LEGO Case Study – shop.lego.com

When we joined LEGO’s Digital Brick project – a complete rebuild of their website – they had a test team split across 3 locations, Delhi, London and Connecticut. 70-80% manual regression testing was still very much the order of the day with the little automation that was in place being owned solely by the offshore team. A traditional selenium/java framework was in place with approximately only a 1/3 of the required regression testing coverage and a cycle of testing for the entire team still taking 4-5 days with necessary chasing-the-sun handovers from India to London to the US on a daily basis. Very little reporting was available from the automation suite and whilst the US lead team knew that a certain level of coverage was in place, it became harder and harder to quantify exactly how much value it provided to support ongoing project delivery.

The website rebuild brought with it both substantial architectural changes – a decoupled, front end/back end split with a brand new set of Oracle Web Commerce (ATG) APIs and a new react/node driven front end – and a significant shift in agile ways of working for the entire LEGO IT department. The project has run for close to two years with ongoing two week sprints, frequent live releases, pair programming and test driven development, a DevOps stability stream and a complete overhaul of how the test team operated and delivered their own code.

From day 1, we introduced our Test Evolve agile automation framework and it immediately enabled two distinct streams of testing delivery in one package – API and Front End. The API suite of tests now stands at around 10,000 tests that are run on a daily basis and the browser automation contains around 1,800 tests, also run on a daily basis. A methodical “tagging” strategy has been employed giving the regression packs the scalability required to run a smoke test, a production test, a nightly test or a full regression test. By using this method, a quick 20 minute job or a full cycle 2 hour job can be executed as required.

From the outset, we ran requirements gathering workshops with the business owners to harness the power of Behaviour Driven Development and Specification by Example methods. By engaging product owners, business analysts, developers and testers, we can ensure that the requirements are gathered in such a way that meets the needs of all parties whilst at the same time, beginning the process of collectively capturing some high level acceptance tests. Most importantly, this enables multi directional conversation about what is expected from the application in a clear and measurable manner.
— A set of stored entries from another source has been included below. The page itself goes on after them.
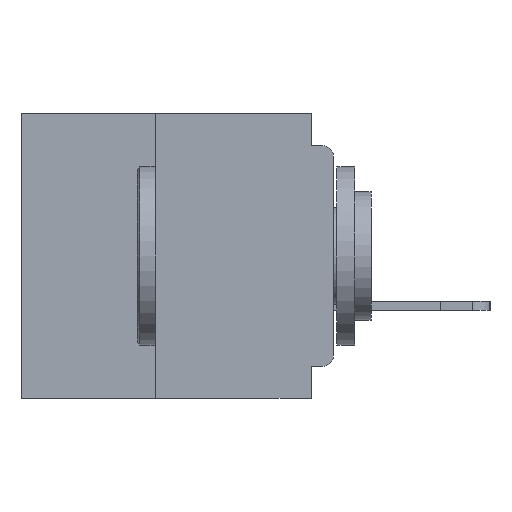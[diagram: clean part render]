
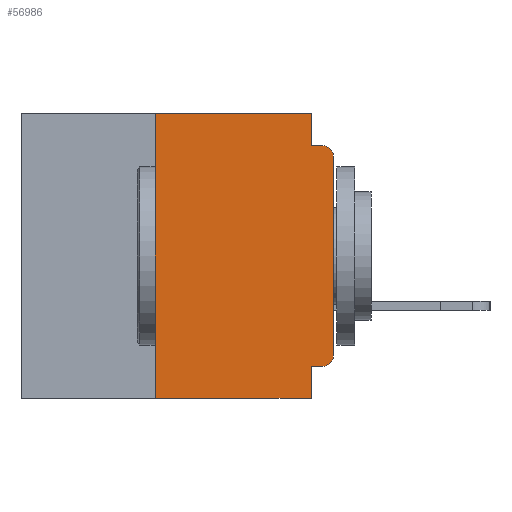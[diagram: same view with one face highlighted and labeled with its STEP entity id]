
A CAD part, left-side view. The second image highlights one B-rep face of the part: STEP entity #56986.
In plain terms, the highlighted planar face has unit normal (-1, 0, 0).
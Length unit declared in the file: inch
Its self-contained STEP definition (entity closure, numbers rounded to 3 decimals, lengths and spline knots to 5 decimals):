
#1302 = EDGE_CURVE ( 'NONE', #55337, #4088, #7163, .T. ) ;
#1757 = LINE ( 'NONE', #45433, #47859 ) ;
#1794 = DIRECTION ( 'NONE',  ( 1., 0., 0. ) ) ;
#2052 = DIRECTION ( 'NONE',  ( -1., 0., 0. ) ) ;
#3060 = EDGE_CURVE ( 'NONE', #13818, #39183, #6941, .T. ) ;
#3852 = ORIENTED_EDGE ( 'NONE', *, *, #17104, .F. ) ;
#4088 = VERTEX_POINT ( 'NONE', #10986 ) ;
#4840 = CARTESIAN_POINT ( 'NONE',  ( 0., 0.015, -0.34 ) ) ;
#5623 = VERTEX_POINT ( 'NONE', #53214 ) ;
#6279 = LINE ( 'NONE', #16523, #28755 ) ;
#6941 = LINE ( 'NONE', #48780, #29408 ) ;
#7163 = LINE ( 'NONE', #27521, #41393 ) ;
#7353 = EDGE_CURVE ( 'NONE', #29348, #5623, #31145, .T. ) ;
#8317 = VERTEX_POINT ( 'NONE', #52494 ) ;
#8789 = CARTESIAN_POINT ( 'NONE',  ( 0., 0., -0.355 ) ) ;
#9056 = VERTEX_POINT ( 'NONE', #30755 ) ;
#9392 = DIRECTION ( 'NONE',  ( 0., 0., -1. ) ) ;
#10558 = CIRCLE ( 'NONE', #19504, 0.015 ) ;
#10737 = LINE ( 'NONE', #12298, #43468 ) ;
#10986 = CARTESIAN_POINT ( 'NONE',  ( 0., 0.031, -0.4 ) ) ;
#11518 = ORIENTED_EDGE ( 'NONE', *, *, #18761, .F. ) ;
#12006 = CARTESIAN_POINT ( 'NONE',  ( 0., 0., -0.34 ) ) ;
#12092 = ORIENTED_EDGE ( 'NONE', *, *, #18940, .F. ) ;
#12298 = CARTESIAN_POINT ( 'NONE',  ( 0., 0.25, -0.4 ) ) ;
#13818 = VERTEX_POINT ( 'NONE', #12006 ) ;
#14366 = CARTESIAN_POINT ( 'NONE',  ( 0., 0.031, -0.045 ) ) ;
#14729 = ORIENTED_EDGE ( 'NONE', *, *, #42375, .T. ) ;
#15664 = AXIS2_PLACEMENT_3D ( 'NONE', #46322, #1794, #33189 ) ;
#16523 = CARTESIAN_POINT ( 'NONE',  ( 0., 0.437, 0. ) ) ;
#17104 = EDGE_CURVE ( 'NONE', #41689, #9056, #1757, .T. ) ;
#18390 = CARTESIAN_POINT ( 'NONE',  ( 0., 0., -0.06 ) ) ;
#18761 = EDGE_CURVE ( 'NONE', #8317, #41689, #41436, .T. ) ;
#18940 = EDGE_CURVE ( 'NONE', #55337, #50811, #10737, .T. ) ;
#19504 = AXIS2_PLACEMENT_3D ( 'NONE', #29004, #2052, #33427 ) ;
#20365 = CARTESIAN_POINT ( 'NONE',  ( 0., 0.25, -0.4 ) ) ;
#21462 = EDGE_CURVE ( 'NONE', #50811, #8317, #6279, .T. ) ;
#22032 = EDGE_LOOP ( 'NONE', ( #46597, #14729, #3852, #11518, #28501, #12092, #48779, #26875, #44976, #56338 ) ) ;
#23963 = CARTESIAN_POINT ( 'NONE',  ( 0., 0.031, 0. ) ) ;
#26167 = FACE_OUTER_BOUND ( 'NONE', #22032, .T. ) ;
#26495 = DIRECTION ( 'NONE',  ( 0., -1., 0. ) ) ;
#26875 = ORIENTED_EDGE ( 'NONE', *, *, #34689, .F. ) ;
#27521 = CARTESIAN_POINT ( 'NONE',  ( 0., 0.437, -0.4 ) ) ;
#27804 = LINE ( 'NONE', #53998, #49903 ) ;
#28501 = ORIENTED_EDGE ( 'NONE', *, *, #21462, .F. ) ;
#28539 = PLANE ( 'NONE',  #15664 ) ;
#28755 = VECTOR ( 'NONE', #38880, 39.37008 ) ;
#29004 = CARTESIAN_POINT ( 'NONE',  ( 0., 0.015, -0.06 ) ) ;
#29348 = VERTEX_POINT ( 'NONE', #41818 ) ;
#29408 = VECTOR ( 'NONE', #48287, 39.37008 ) ;
#29674 = VECTOR ( 'NONE', #54872, 39.37008 ) ;
#29754 = VECTOR ( 'NONE', #48891, 39.37008 ) ;
#30755 = CARTESIAN_POINT ( 'NONE',  ( 0., 0.015, -0.045 ) ) ;
#31145 = LINE ( 'NONE', #8789, #29754 ) ;
#33189 = DIRECTION ( 'NONE',  ( 0., 0., -1. ) ) ;
#33427 = DIRECTION ( 'NONE',  ( 0., 0., -1. ) ) ;
#34689 = EDGE_CURVE ( 'NONE', #5623, #4088, #27804, .T. ) ;
#34740 = DIRECTION ( 'NONE',  ( 0., 0., 1. ) ) ;
#36137 = DIRECTION ( 'NONE',  ( -1., 0., 0. ) ) ;
#36426 = DIRECTION ( 'NONE',  ( 0., 0., -1. ) ) ;
#38557 = EDGE_CURVE ( 'NONE', #29348, #13818, #48807, .T. ) ;
#38880 = DIRECTION ( 'NONE',  ( 0., -1., 0. ) ) ;
#39183 = VERTEX_POINT ( 'NONE', #18390 ) ;
#41009 = DIRECTION ( 'NONE',  ( 0., -1., 0. ) ) ;
#41393 = VECTOR ( 'NONE', #26495, 39.37008 ) ;
#41436 = LINE ( 'NONE', #23963, #29674 ) ;
#41555 = CARTESIAN_POINT ( 'NONE',  ( 0., 0.25, 0. ) ) ;
#41689 = VERTEX_POINT ( 'NONE', #14366 ) ;
#41818 = CARTESIAN_POINT ( 'NONE',  ( 0., 0.015, -0.355 ) ) ;
#42375 = EDGE_CURVE ( 'NONE', #39183, #9056, #10558, .T. ) ;
#43468 = VECTOR ( 'NONE', #34740, 39.37008 ) ;
#44976 = ORIENTED_EDGE ( 'NONE', *, *, #7353, .F. ) ;
#45433 = CARTESIAN_POINT ( 'NONE',  ( 0., 0., -0.045 ) ) ;
#46322 = CARTESIAN_POINT ( 'NONE',  ( 0., 0.437, 0. ) ) ;
#46597 = ORIENTED_EDGE ( 'NONE', *, *, #3060, .T. ) ;
#47859 = VECTOR ( 'NONE', #41009, 39.37008 ) ;
#48287 = DIRECTION ( 'NONE',  ( 0., 0., 1. ) ) ;
#48779 = ORIENTED_EDGE ( 'NONE', *, *, #1302, .T. ) ;
#48780 = CARTESIAN_POINT ( 'NONE',  ( 0., 0., 0. ) ) ;
#48807 = CIRCLE ( 'NONE', #56578, 0.015 ) ;
#48891 = DIRECTION ( 'NONE',  ( 0., 1., 0. ) ) ;
#49903 = VECTOR ( 'NONE', #36426, 39.37008 ) ;
#50811 = VERTEX_POINT ( 'NONE', #41555 ) ;
#52494 = CARTESIAN_POINT ( 'NONE',  ( 0., 0.031, 0. ) ) ;
#53214 = CARTESIAN_POINT ( 'NONE',  ( 0., 0.031, -0.355 ) ) ;
#53998 = CARTESIAN_POINT ( 'NONE',  ( 0., 0.031, -0.4 ) ) ;
#54872 = DIRECTION ( 'NONE',  ( 0., 0., -1. ) ) ;
#55337 = VERTEX_POINT ( 'NONE', #20365 ) ;
#56338 = ORIENTED_EDGE ( 'NONE', *, *, #38557, .T. ) ;
#56578 = AXIS2_PLACEMENT_3D ( 'NONE', #4840, #36137, #9392 ) ;
#56986 = ADVANCED_FACE ( 'NONE', ( #26167 ), #28539, .F. ) ;

To enable a cohesive continuous integration strategy, both the API and browser test packs have had nightly and on-demand Jenkins jobs created and the framework itself enables the LEGO test team to target any of the 5 or 6 environments in existence. A real time dashboard for each suite exists to provide immediate reporting on test success – refreshing with each single test that completes providing reporting at a very business readable BDD feature level. The Jenkins jobs also provide an at-completion granular level of reporting displaying any failed tests with debugging information for immediate investigation by the team. We have also built in a “living documentation” feature within the CI jobs for complete peace-of-mind for the business owners, knowing that as long as a feature is represented within the documentation, it has a passing automated test and is representative of how the application is behaving in production.

With a brand new responsive front end and a strong business focus on mobile transactions, a complete test automation strategy needed to facilitate desktop cross browser testing (IE9 – Edge, Chrome, Firefox, Safari) as well as mobile browser testing (Android & Chrome 3-4 versions, iOS & Safari, Windows). Within the Test Evolve framework, we have enabled basic browser based emulation of specific devices and we have also built plug-ins for Sauce Labs and our partner Perfecto Mobile, to enable cloud based mobile and desktop cross browser testing without the need to host your own device/os & browser infrastructure. However, should a client choose to build their own device farm, the Test Evolve framework also enables the automated front end tests to run against targeted real devices in your own lab. All of this is controlled from a very simple, tester driven config/menu layer at the heart of the framework.

The Test Evolve framework also enabled us to re-use the desktop automation and mobile tests to create a starting suite of Apache JMeter load tests. In doing this, the number of load tests employed for 2015 Black Friday/Cyber Monday peak period was approximately 3 times what it was for 2014 with a much increased range of functionality covered and the result being the Oracle Web Commerce (ATG) application remaining online throughout this peak period for the first time in a number of years.

Finally, from a customer independence perspective, from the very beginning of this project journey, we have provided almost daily 1-2-1 pairing between Test Evolve and LEGO test teams. LEGO Testers have been fully immersed in everything needed to take full ownership of the framework at project closure and maintain it moving forwards. A team of largely manual testers 18 months ago now has a robust, scalable and maintainable API, browser and mobile automation framework at its fingertips with full transparency of reporting and alignment to business requirements and the knowledge and confidence to move this into other areas of the LEGO organisation. A regression cycle can now take from 20 minutes to 2 hours instead of 5 days, be run multiple times daily/weekly, against multiple environments and provide all of the information necessary for the product owners and release management process to make a sound risk based decision on whether to deploy to production or not.